Task details:
Give the data again exactly, without images.

___ Records for the task

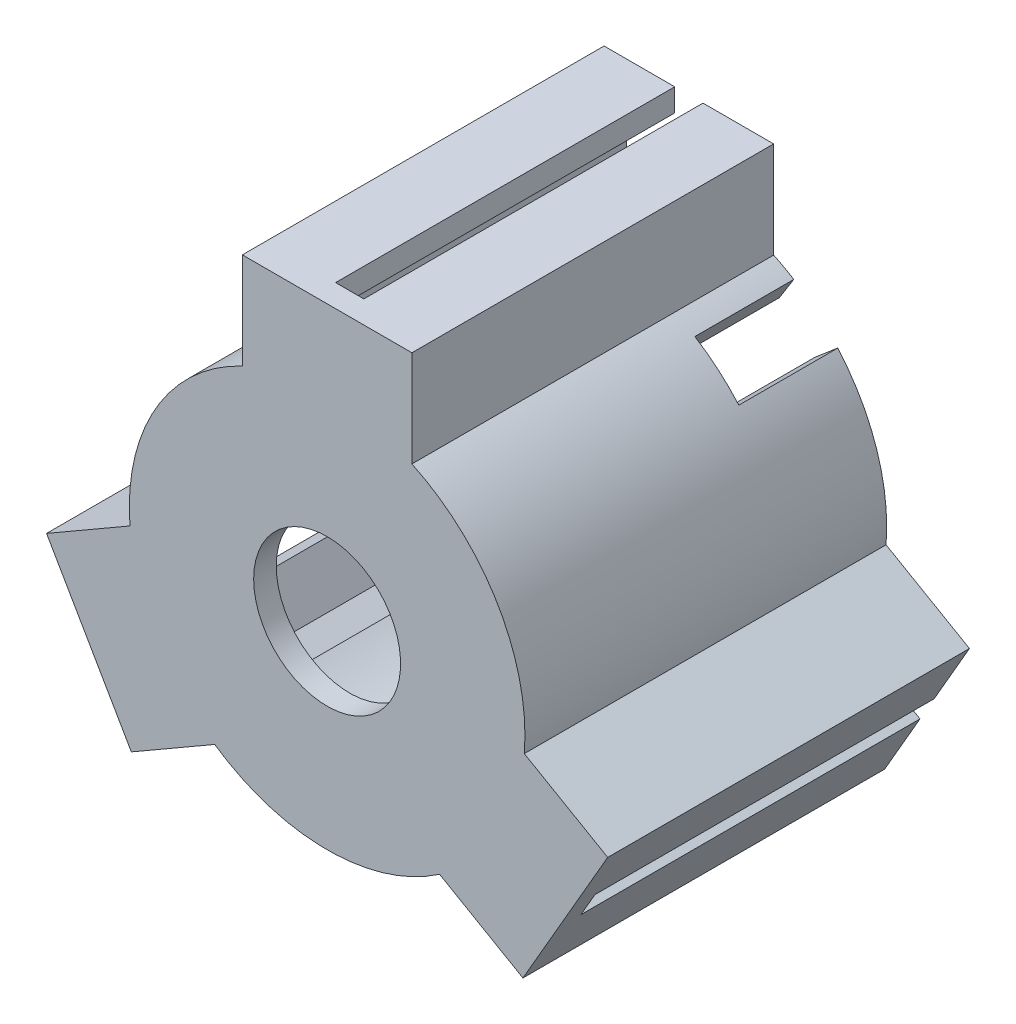
from build123d import *

# Parameters (mm, degrees)
SALIENTE_EXTRUIR1_DEPTH = 0.8
SALIENTE_EXTRUIR2_START = 12
SALIENTE_EXTRUIR2_DEPTH = 12
CROQUIS3_R              = 2.6
CORTAR_EXTRUIR1_DEPTH   = 0.8
CORTAR_EXTRUIR2_DEPTH   = 3.5


with BuildPart() as part:
    # Croquis1 → Saliente-Extruir1 (new body)
    with BuildSketch(Plane.XY):
        with BuildLine():
            Line((-64.04061015, 19.417127137), (-64.04061015, 22.824622624))
            Line((-64.04061015, 22.824622624), (-58.04061015, 22.824622624))
            Line((-58.04061015, 22.824622624), (-58.04061015, 19.417127137))
            ThreePointArc((-58.04061015, 19.417127137), (-54.978432324, 16.592571816), (-54.063384575, 12.528370368))
            Line((-54.063384575, 12.528370368), (-51.11240692, 10.824622624))
            Line((-51.11240692, 10.824622624), (-54.11240692, 5.628470201))
            Line((-54.11240692, 5.628470201), (-57.063384575, 7.332217945))
            ThreePointArc((-57.063384575, 7.332217945), (-61.04061015, 6.092571816), (-65.017835725, 7.332217945))
            Line((-65.017835725, 7.332217945), (-67.96881338, 5.628470201))
            Line((-67.96881338, 5.628470201), (-70.96881338, 10.824622624))
            Line((-70.96881338, 10.824622624), (-68.017835725, 12.528370368))
            ThreePointArc((-68.017835725, 12.528370368), (-67.102787977, 16.592571816), (-64.04061015, 19.417127137))
        make_face()
    extrude(amount=SALIENTE_EXTRUIR1_DEPTH)

    # Croquis2 → Saliente-Extruir2 (add)
    with BuildSketch(Plane(origin=(0, 0, 0), x_dir=(-1, 0, 0), z_dir=(0, 0, -1)).offset(SALIENTE_EXTRUIR2_START)):
        with BuildLine():
            Line((69.71881338, 8.659559114), (70.96881338, 10.824622624))
            Line((70.96881338, 10.824622624), (68.017835725, 12.528370368))
            ThreePointArc((68.017835725, 12.528370368), (67.102787977, 16.592571816), (64.04061015, 19.417127137))
            Line((64.04061015, 19.417127137), (64.04061015, 22.824622624))
            Line((64.04061015, 22.824622624), (61.54061015, 22.824622624))
            Line((61.54061015, 22.824622624), (61.54061015, 22.022889547))
            Line((61.54061015, 22.022889547), (63.24061015, 22.022889547))
            Line((63.24061015, 22.022889547), (63.24061015, 18.822889547))
            ThreePointArc((63.24061015, 18.822889547), (66.17949039, 16.05878973), (67.104711765, 12.131802301))
            Line((67.104711765, 12.131802301), (69.875993057, 10.531802301))
            Line((69.875993057, 10.531802301), (69.025993057, 9.059559114))
            Line((69.025993057, 9.059559114), (69.71881338, 8.659559114))
        make_face()
        with BuildLine():
            Line((65.017835725, 7.332217945), (67.96881338, 5.628470201))
            Line((67.96881338, 5.628470201), (69.21881338, 7.793533711))
            Line((69.21881338, 7.793533711), (68.524492169, 8.194400249))
            Line((68.524492169, 8.194400249), (67.674492169, 6.722157062))
            Line((67.674492169, 6.722157062), (64.903210877, 8.322157062))
            ThreePointArc((64.903210877, 8.322157062), (61.039990097, 7.159062025), (57.176508535, 8.321290524))
            Line((57.176508535, 8.321290524), (54.405227243, 6.721290524))
            Line((54.405227243, 6.721290524), (53.555227243, 8.193533711))
            Line((53.555227243, 8.193533711), (52.86240692, 7.793533711))
            Line((52.86240692, 7.793533711), (54.11240692, 5.628470201))
            Line((54.11240692, 5.628470201), (57.063384575, 7.332217945))
            ThreePointArc((57.063384575, 7.332217945), (61.04061015, 6.092571816), (65.017835725, 7.332217945))
        make_face()
        with BuildLine():
            Line((54.063384575, 12.528370368), (51.11240692, 10.824622624))
            Line((51.11240692, 10.824622624), (52.36240692, 8.659559114))
            Line((52.36240692, 8.659559114), (53.056728131, 9.060425653))
            Line((53.056728131, 9.060425653), (52.206728131, 10.532668839))
            Line((52.206728131, 10.532668839), (54.978009423, 12.132668839))
            ThreePointArc((54.978009423, 12.132668839), (55.902349964, 16.059863694), (58.84061015, 18.824622624))
            Line((58.84061015, 18.824622624), (58.84061015, 22.024622624))
            Line((58.84061015, 22.024622624), (60.54061015, 22.024622624))
            Line((60.54061015, 22.024622624), (60.54061015, 22.824622624))
            Line((60.54061015, 22.824622624), (58.04061015, 22.824622624))
            Line((58.04061015, 22.824622624), (58.04061015, 19.417127137))
            ThreePointArc((58.04061015, 19.417127137), (54.978432324, 16.592571816), (54.063384575, 12.528370368))
        make_face()
    extrude(amount=-SALIENTE_EXTRUIR2_DEPTH)

    # Croquis3 → Cortar-Extruir1 (cut)
    with BuildSketch(Plane(origin=(0, 0, 0), x_dir=(-1, 0, 0), z_dir=(0, 0, -1))):
        with Locations((61.04061015, 13.092571816)):
            Circle(CROQUIS3_R)
    extrude(amount=-CORTAR_EXTRUIR1_DEPTH, mode=Mode.SUBTRACT)

    # Croquis4 → Cortar-Extruir2 (cut)
    with BuildSketch(Plane(origin=(0, 0, -12), x_dir=(-1, 0, 0), z_dir=(0, 0, -1))):
        with BuildLine():
            Line((57.837187447, 18.214022309), (57.328521133, 19.027249156))
            ThreePointArc((57.328521133, 19.027249156), (56.502144155, 18.421955122), (55.772953312, 17.70253835))
            Line((55.772953312, 17.70253835), (56.572877184, 17.024384005))
            ThreePointArc((56.572877184, 17.024384005), (57.168010519, 17.658548761), (57.837187447, 18.214022309))
        make_face()
        with BuildLine():
            Line((67.077627732, 13.30609201), (68.036235998, 13.339996536))
            ThreePointArc((68.036235998, 13.339996536), (67.925224476, 14.358307009), (67.666786697, 15.34951319))
            Line((67.666786697, 15.34951319), (66.679525872, 14.995835968))
            ThreePointArc((66.679525872, 14.995835968), (66.931161993, 14.163353003), (67.077627732, 13.30609201))
        make_face()
        with BuildLine():
            Line((58.207015271, 7.757601131), (57.757073319, 6.910469757))
            ThreePointArc((57.757073319, 6.910469757), (58.694461819, 6.497453318), (59.682090441, 6.22566391))
            Line((59.682090441, 6.22566391), (59.869427395, 7.257495476))
            ThreePointArc((59.869427395, 7.257495476), (59.022657939, 7.455813685), (58.207015271, 7.757601131))
        make_face()
    extrude(amount=-CORTAR_EXTRUIR2_DEPTH, mode=Mode.SUBTRACT)


solid = part.part

______

Reply to the exercise:
from build123d import *

# Parameters (mm, degrees)
SALIENTE_EXTRUIR1_DEPTH = 0.8
SALIENTE_EXTRUIR2_START = 12
SALIENTE_EXTRUIR2_DEPTH = 12
CROQUIS3_R              = 2.6
CORTAR_EXTRUIR1_DEPTH   = 0.8
CORTAR_EXTRUIR2_DEPTH   = 3.5


with BuildPart() as part:
    # Croquis1 → Saliente-Extruir1 (new body)
    with BuildSketch(Plane.XY):
        with BuildLine():
            Line((-64.04061015, 19.417127137), (-64.04061015, 22.824622624))
            Line((-64.04061015, 22.824622624), (-58.04061015, 22.824622624))
            Line((-58.04061015, 22.824622624), (-58.04061015, 19.417127137))
            ThreePointArc((-58.04061015, 19.417127137), (-54.978432324, 16.592571816), (-54.063384575, 12.528370368))
            Line((-54.063384575, 12.528370368), (-51.11240692, 10.824622624))
            Line((-51.11240692, 10.824622624), (-54.11240692, 5.628470201))
            Line((-54.11240692, 5.628470201), (-57.063384575, 7.332217945))
            ThreePointArc((-57.063384575, 7.332217945), (-61.04061015, 6.092571816), (-65.017835725, 7.332217945))
            Line((-65.017835725, 7.332217945), (-67.96881338, 5.628470201))
            Line((-67.96881338, 5.628470201), (-70.96881338, 10.824622624))
            Line((-70.96881338, 10.824622624), (-68.017835725, 12.528370368))
            ThreePointArc((-68.017835725, 12.528370368), (-67.102787977, 16.592571816), (-64.04061015, 19.417127137))
        make_face()
    extrude(amount=SALIENTE_EXTRUIR1_DEPTH)

    # Croquis2 → Saliente-Extruir2 (add)
    with BuildSketch(Plane(origin=(0, 0, 0), x_dir=(-1, 0, 0), z_dir=(0, 0, -1)).offset(SALIENTE_EXTRUIR2_START)):
        with BuildLine():
            Line((69.71881338, 8.659559114), (70.96881338, 10.824622624))
            Line((70.96881338, 10.824622624), (68.017835725, 12.528370368))
            ThreePointArc((68.017835725, 12.528370368), (67.102787977, 16.592571816), (64.04061015, 19.417127137))
            Line((64.04061015, 19.417127137), (64.04061015, 22.824622624))
            Line((64.04061015, 22.824622624), (61.54061015, 22.824622624))
            Line((61.54061015, 22.824622624), (61.54061015, 22.022889547))
            Line((61.54061015, 22.022889547), (63.24061015, 22.022889547))
            Line((63.24061015, 22.022889547), (63.24061015, 18.822889547))
            ThreePointArc((63.24061015, 18.822889547), (66.17949039, 16.05878973), (67.104711765, 12.131802301))
            Line((67.104711765, 12.131802301), (69.875993057, 10.531802301))
            Line((69.875993057, 10.531802301), (69.025993057, 9.059559114))
            Line((69.025993057, 9.059559114), (69.71881338, 8.659559114))
        make_face()
        with BuildLine():
            Line((65.017835725, 7.332217945), (67.96881338, 5.628470201))
            Line((67.96881338, 5.628470201), (69.21881338, 7.793533711))
            Line((69.21881338, 7.793533711), (68.524492169, 8.194400249))
            Line((68.524492169, 8.194400249), (67.674492169, 6.722157062))
            Line((67.674492169, 6.722157062), (64.903210877, 8.322157062))
            ThreePointArc((64.903210877, 8.322157062), (61.039990097, 7.159062025), (57.176508535, 8.321290524))
            Line((57.176508535, 8.321290524), (54.405227243, 6.721290524))
            Line((54.405227243, 6.721290524), (53.555227243, 8.193533711))
            Line((53.555227243, 8.193533711), (52.86240692, 7.793533711))
            Line((52.86240692, 7.793533711), (54.11240692, 5.628470201))
            Line((54.11240692, 5.628470201), (57.063384575, 7.332217945))
            ThreePointArc((57.063384575, 7.332217945), (61.04061015, 6.092571816), (65.017835725, 7.332217945))
        make_face()
        with BuildLine():
            Line((54.063384575, 12.528370368), (51.11240692, 10.824622624))
            Line((51.11240692, 10.824622624), (52.36240692, 8.659559114))
            Line((52.36240692, 8.659559114), (53.056728131, 9.060425653))
            Line((53.056728131, 9.060425653), (52.206728131, 10.532668839))
            Line((52.206728131, 10.532668839), (54.978009423, 12.132668839))
            ThreePointArc((54.978009423, 12.132668839), (55.902349964, 16.059863694), (58.84061015, 18.824622624))
            Line((58.84061015, 18.824622624), (58.84061015, 22.024622624))
            Line((58.84061015, 22.024622624), (60.54061015, 22.024622624))
            Line((60.54061015, 22.024622624), (60.54061015, 22.824622624))
            Line((60.54061015, 22.824622624), (58.04061015, 22.824622624))
            Line((58.04061015, 22.824622624), (58.04061015, 19.417127137))
            ThreePointArc((58.04061015, 19.417127137), (54.978432324, 16.592571816), (54.063384575, 12.528370368))
        make_face()
    extrude(amount=-SALIENTE_EXTRUIR2_DEPTH)

    # Croquis3 → Cortar-Extruir1 (cut)
    with BuildSketch(Plane(origin=(0, 0, 0), x_dir=(-1, 0, 0), z_dir=(0, 0, -1))):
        with Locations((61.04061015, 13.092571816)):
            Circle(CROQUIS3_R)
    extrude(amount=-CORTAR_EXTRUIR1_DEPTH, mode=Mode.SUBTRACT)

    # Croquis4 → Cortar-Extruir2 (cut)
    with BuildSketch(Plane(origin=(0, 0, -12), x_dir=(-1, 0, 0), z_dir=(0, 0, -1))):
        with BuildLine():
            Line((57.837187447, 18.214022309), (57.328521133, 19.027249156))
            ThreePointArc((57.328521133, 19.027249156), (56.502144155, 18.421955122), (55.772953312, 17.70253835))
            Line((55.772953312, 17.70253835), (56.572877184, 17.024384005))
            ThreePointArc((56.572877184, 17.024384005), (57.168010519, 17.658548761), (57.837187447, 18.214022309))
        make_face()
        with BuildLine():
            Line((67.077627732, 13.30609201), (68.036235998, 13.339996536))
            ThreePointArc((68.036235998, 13.339996536), (67.925224476, 14.358307009), (67.666786697, 15.34951319))
            Line((67.666786697, 15.34951319), (66.679525872, 14.995835968))
            ThreePointArc((66.679525872, 14.995835968), (66.931161993, 14.163353003), (67.077627732, 13.30609201))
        make_face()
        with BuildLine():
            Line((58.207015271, 7.757601131), (57.757073319, 6.910469757))
            ThreePointArc((57.757073319, 6.910469757), (58.694461819, 6.497453318), (59.682090441, 6.22566391))
            Line((59.682090441, 6.22566391), (59.869427395, 7.257495476))
            ThreePointArc((59.869427395, 7.257495476), (59.022657939, 7.455813685), (58.207015271, 7.757601131))
        make_face()
    extrude(amount=-CORTAR_EXTRUIR2_DEPTH, mode=Mode.SUBTRACT)


solid = part.part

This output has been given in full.